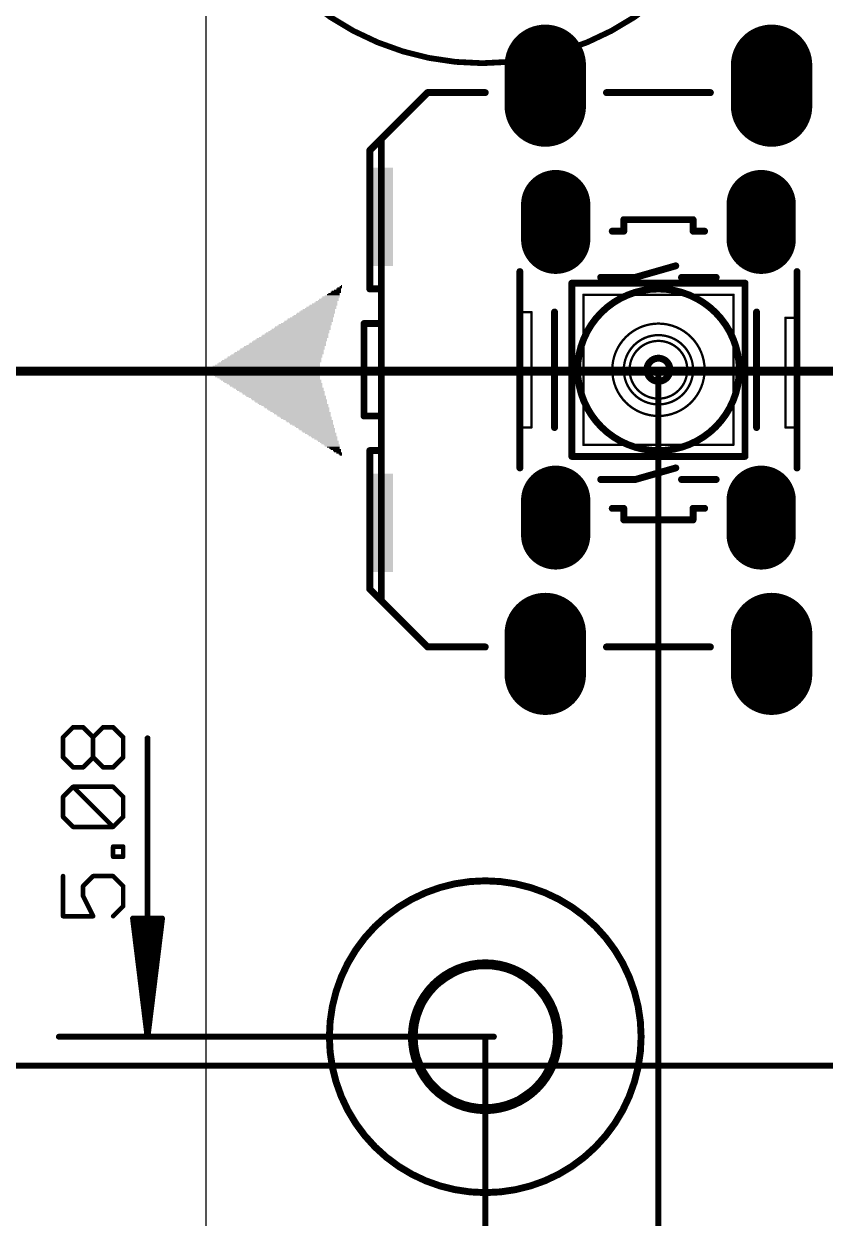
# Model space of a CAD drawing. Extents: x -31 to 85, y -21 to 97.
# Drawn here: x -3.99 to 13.64, y 1.09 to 27.36 of the extents above; entities that cross this region are included whole.
import ezdxf

# ---------------------------------------------------------------- set-up
doc = ezdxf.new("R2010")
doc.units = 0
for name, color, linetype in [('17', 82, 'CONTINUOUS'), ('20', 7, 'CONTINUOUS'), ('21', 253, 'CONTINUOUS'), ('47', 253, 'CONTINUOUS')]:
    doc.layers.add(name, color=color, linetype=linetype)

# ---------------------------------------------------------------- blocks, each defined once
blk = doc.blocks.new('LONGP50')
at = {"const_width": 1}
blk.add_lwpolyline([(-0.25, 0), (0.25, 0)], dxfattribs=at)
at = {"const_width": 0.5}
for points in [[(-0.25, 0.25, 1), (-0.25, -0.25)], [(0.25, -0.25, 1), (0.25, 0.25)]]:
    blk.add_lwpolyline(points, format="xyb", dxfattribs=at)
blk = doc.blocks.new('RECT')
blk.add_solid([(-0.5, -0.5), (0.5, -0.5), (-0.5, 0.5), (0.5, 0.5)])

msp = doc.modelspace()

# ---------------------------------------------------------------- linework, layer by layer
at = {"layer": '20'}
msp.add_line((0.01, 84.9505), (0.01, 0), dxfattribs=at)
msp.add_circle((6.1595, 5.08), 1.5, dxfattribs=at)
at = {"layer": '21'}
for points, const_width in [([(6.096, 26.4912, 1), (6.096, 38.5328, 1), (6.096, 26.4912)], 0.127), ([(4.8895, 25.8826, 1), (4.8895, 25.8064)], 0.0762), ([(4.9164, 25.8176, 1), (4.8626, 25.8714)], 0.0762), ([(6.1595, 25.8064, 1), (6.1595, 25.8826)], 0.0762), ([(8.8265, 25.8826, 1), (8.8265, 25.8064)], 0.0762), ([(11.1125, 25.8064, 1), (11.1125, 25.8826)], 0.0762), ([(3.9116, 24.8285, 1), (3.8354, 24.8285)], 0.0762), ([(3.8466, 24.8554, 1), (3.9004, 24.8016)], 0.0762), ([(3.9004, 24.8016, 1), (3.8466, 24.8554)], 0.0762), ([(3.6576, 24.5745, 1), (3.5814, 24.5745)], 0.0762), ([(3.5926, 24.6014, 1), (3.6464, 24.5476)], 0.0762), ([(9.2075, 23.0886, 1), (9.2075, 23.0124)], 0.0762), ([(9.2456, 23.0505, 1), (9.1694, 23.0505)], 0.0762), ([(10.7696, 23.0505, 1), (10.6934, 23.0505)], 0.0762), ([(10.7315, 23.0124, 1), (10.7315, 23.0886)], 0.0762), ([(8.9535, 22.8346, 1), (8.9535, 22.7584)], 0.0762), ([(9.2075, 22.7584, 1), (9.2075, 22.8346)], 0.0762), ([(10.7315, 22.8346, 1), (10.7315, 22.7584)], 0.0762), ([(10.9855, 22.7584, 1), (10.9855, 22.8346)], 0.0762), ([(9.1694, 22.7965, 1), (9.2456, 22.7965)], 0.0762), ([(10.6934, 22.7965, 1), (10.7696, 22.7965)], 0.0762), ([(10.361, 21.9979, 1), (10.34, 22.0711)], 0.0762), ([(6.9596, 21.9075, 1), (6.8834, 21.9075)], 0.0762), ([(8.6995, 21.8186, 1), (8.6995, 21.7424)], 0.0762), ([(9.451, 21.8171, 1), (9.472, 21.7439)], 0.0762), ([(9.4615, 21.7424, 1), (9.4615, 21.8186)], 0.0762), ([(10.4775, 21.8186, 1), (10.4775, 21.7424)], 0.0762), ([(11.2395, 21.7424, 1), (11.2395, 21.8186)], 0.0762), ([(13.0556, 21.9075, 1), (12.9794, 21.9075)], 0.0762), ([(3.6195, 21.5646, 1), (3.6195, 21.4884)], 0.0762), ([(3.5814, 21.5265, 1), (3.6576, 21.5265)], 0.0762), ([(3.9116, 21.5265, 1), (3.8354, 21.5265)], 0.0762), ([(3.8354, 21.5265, 1), (3.9116, 21.5265)], 0.0762), ([(3.8735, 21.4884, 1), (3.8735, 21.5646)], 0.0762), ([(8.1026, 21.6535, 1), (8.0264, 21.6535)], 0.0762), ([(8.0645, 21.6916, 1), (8.0645, 21.6154)], 0.0762), ([(9.9695, 17.9705, 1), (9.9695, 21.5265, 1), (9.9695, 17.9705)], 0.1524), ([(11.9126, 21.6535, 1), (11.8364, 21.6535)], 0.0762), ([(11.8745, 21.6154, 1), (11.8745, 21.6916)], 0.0762), ([(8.3312, 21.3995, 1), (8.3058, 21.3995)], 0.0254), ([(8.3185, 21.4122, 1), (8.3185, 21.3868)], 0.0254), ([(11.6332, 21.3995, 1), (11.6078, 21.3995)], 0.0254), ([(11.6205, 21.3868, 1), (11.6205, 21.4122)], 0.0254), ([(6.9596, 21.0185, 1), (6.8834, 21.0185)], 0.0762), ([(6.8834, 21.0185, 1), (6.9596, 21.0185)], 0.0762), ([(6.9215, 21.0312, 1), (6.9215, 21.0058)], 0.0254), ([(7.1882, 21.0185, 1), (7.1628, 21.0185)], 0.0254), ([(7.1755, 21.0058, 1), (7.1755, 21.0312)], 0.0254), ([(7.7216, 21.0185, 1), (7.6454, 21.0185)], 0.0762), ([(12.1666, 21.0185, 1), (12.0904, 21.0185)], 0.0762), ([(3.5306, 20.7645, 1), (3.4544, 20.7645)], 0.0762), ([(3.4925, 20.8026, 1), (3.4925, 20.7264)], 0.0762), ([(3.9116, 20.7645, 1), (3.8354, 20.7645)], 0.0762), ([(3.8354, 20.7645, 1), (3.9116, 20.7645)], 0.0762), ([(3.8735, 20.7264, 1), (3.8735, 20.8026)], 0.0762), ([(9.9695, 18.7325, 1), (9.9695, 20.7645, 1), (9.9695, 18.7325)], 0.0508), ([(12.7762, 20.8915, 1), (12.7508, 20.8915)], 0.0254), ([(12.7635, 20.9042, 1), (12.7635, 20.8788)], 0.0254), ([(13.0556, 20.8915, 1), (12.9794, 20.8915)], 0.0762), ([(12.9794, 20.8915, 1), (13.0556, 20.8915)], 0.0762), ([(13.0175, 20.8788, 1), (13.0175, 20.9042)], 0.0254), ([(9.9695, 18.9865, 1), (9.9695, 20.5105, 1), (9.9695, 18.9865)], 0.0508), ([(9.9695, 19.1135, 1), (9.9695, 20.3835, 1), (9.9695, 19.1135)], 0.0508), ([(9.9695, 19.4945, 1), (9.9695, 20.0025, 1), (9.9695, 19.4945)], 0.1524), ([(3.4925, 18.7706, 1), (3.4925, 18.6944)], 0.0762), ([(3.4544, 18.7325, 1), (3.5306, 18.7325)], 0.0762), ([(3.9116, 18.7325, 1), (3.8354, 18.7325)], 0.0762), ([(3.8354, 18.7325, 1), (3.9116, 18.7325)], 0.0762), ([(3.8735, 18.6944, 1), (3.8735, 18.7706)], 0.0762), ([(6.9596, 18.4785, 1), (6.8834, 18.4785)], 0.0762), ([(6.8834, 18.4785, 1), (6.9596, 18.4785)], 0.0762), ([(6.9215, 18.4912, 1), (6.9215, 18.4658)], 0.0254), ([(7.1628, 18.4785, 1), (7.1882, 18.4785)], 0.0254), ([(7.1755, 18.4658, 1), (7.1755, 18.4912)], 0.0254), ([(7.6454, 18.4785, 1), (7.7216, 18.4785)], 0.0762), ([(12.0904, 18.4785, 1), (12.1666, 18.4785)], 0.0762), ([(12.7635, 18.4912, 1), (12.7635, 18.4658)], 0.0254), ([(12.7508, 18.4785, 1), (12.7762, 18.4785)], 0.0254), ([(13.0556, 18.4785, 1), (12.9794, 18.4785)], 0.0762), ([(12.9794, 18.4785, 1), (13.0556, 18.4785)], 0.0762), ([(13.0175, 18.4658, 1), (13.0175, 18.4912)], 0.0254), ([(3.6195, 18.0086, 1), (3.6195, 17.9324)], 0.0762), ([(3.6576, 17.9705, 1), (3.5814, 17.9705)], 0.0762), ([(3.9116, 17.9705, 1), (3.8354, 17.9705)], 0.0762), ([(3.8354, 17.9705, 1), (3.9116, 17.9705)], 0.0762), ([(3.8735, 17.9324, 1), (3.8735, 18.0086)], 0.0762), ([(8.0645, 17.8816, 1), (8.0645, 17.8054)], 0.0762), ([(8.0264, 17.8435, 1), (8.1026, 17.8435)], 0.0762), ([(8.3185, 18.1102, 1), (8.3185, 18.0848)], 0.0254), ([(8.3058, 18.0975, 1), (8.3312, 18.0975)], 0.0254), ([(11.6078, 18.0975, 1), (11.6332, 18.0975)], 0.0254), ([(11.6205, 18.0848, 1), (11.6205, 18.1102)], 0.0254), ([(11.8364, 17.8435, 1), (11.9126, 17.8435)], 0.0762), ([(11.8745, 17.8054, 1), (11.8745, 17.8816)], 0.0762), ([(6.8834, 17.5895, 1), (6.9596, 17.5895)], 0.0762), ([(10.361, 17.5529, 1), (10.34, 17.6261)], 0.0762), ([(12.9794, 17.5895, 1), (13.0556, 17.5895)], 0.0762), ([(8.6995, 17.3736, 1), (8.6995, 17.2974)], 0.0762), ([(9.451, 17.3721, 1), (9.472, 17.2989)], 0.0762), ([(9.4615, 17.2974, 1), (9.4615, 17.3736)], 0.0762), ([(10.4775, 17.3736, 1), (10.4775, 17.2974)], 0.0762), ([(11.2395, 17.2974, 1), (11.2395, 17.3736)], 0.0762), ([(8.9535, 16.7386, 1), (8.9535, 16.6624)], 0.0762), ([(9.2456, 16.7005, 1), (9.1694, 16.7005)], 0.0762), ([(9.2075, 16.6624, 1), (9.2075, 16.7386)], 0.0762), ([(10.7696, 16.7005, 1), (10.6934, 16.7005)], 0.0762), ([(10.7315, 16.7386, 1), (10.7315, 16.6624)], 0.0762), ([(10.9855, 16.6624, 1), (10.9855, 16.7386)], 0.0762), ([(9.2075, 16.4846, 1), (9.2075, 16.4084)], 0.0762), ([(9.1694, 16.4465, 1), (9.2456, 16.4465)], 0.0762), ([(10.6934, 16.4465, 1), (10.7696, 16.4465)], 0.0762), ([(10.7315, 16.4084, 1), (10.7315, 16.4846)], 0.0762), ([(3.6464, 14.9494, 1), (3.5926, 14.8956)], 0.0762), ([(3.5814, 14.9225, 1), (3.6576, 14.9225)], 0.0762), ([(3.9004, 14.6954, 1), (3.8466, 14.6416)], 0.0762), ([(3.8466, 14.6416, 1), (3.9004, 14.6954)], 0.0762), ([(3.8354, 14.6685, 1), (3.9116, 14.6685)], 0.0762), ([(4.8895, 13.6906, 1), (4.8895, 13.6144)], 0.0762), ([(4.8626, 13.6256, 1), (4.9164, 13.6794)], 0.0762), ([(6.1595, 13.6144, 1), (6.1595, 13.6906)], 0.0762), ([(8.8265, 13.6906, 1), (8.8265, 13.6144)], 0.0762), ([(11.1125, 13.6144, 1), (11.1125, 13.6906)], 0.0762), ([(6.1595, 1.651, 1), (6.1595, 8.509, 1), (6.1595, 1.651)], 0.1524), ([(6.1595, 3.48, 1), (6.1595, 6.68, 1), (6.1595, 3.48)], 0.2032)]:
    msp.add_lwpolyline(points, format="xyb", dxfattribs=dict(at, const_width=const_width))
for points, const_width in [([(4.8895, 25.8445), (3.8735, 24.8285)], 0.1524), ([(4.8895, 25.8445), (6.1595, 25.8445)], 0.1524), ([(8.8265, 25.8445), (11.1125, 25.8445)], 0.1524), ([(3.8735, 24.8285), (3.6195, 24.5745)], 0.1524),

§ YOUR OBJECTIVE
Go through the data above and return each line containing the string "format".

§ WRITTEN ANSWER
    blk.add_lwpolyline(points, format="xyb", dxfattribs=at)
    msp.add_lwpolyline(points, format="xyb", dxfattribs=dict(at, const_width=const_width))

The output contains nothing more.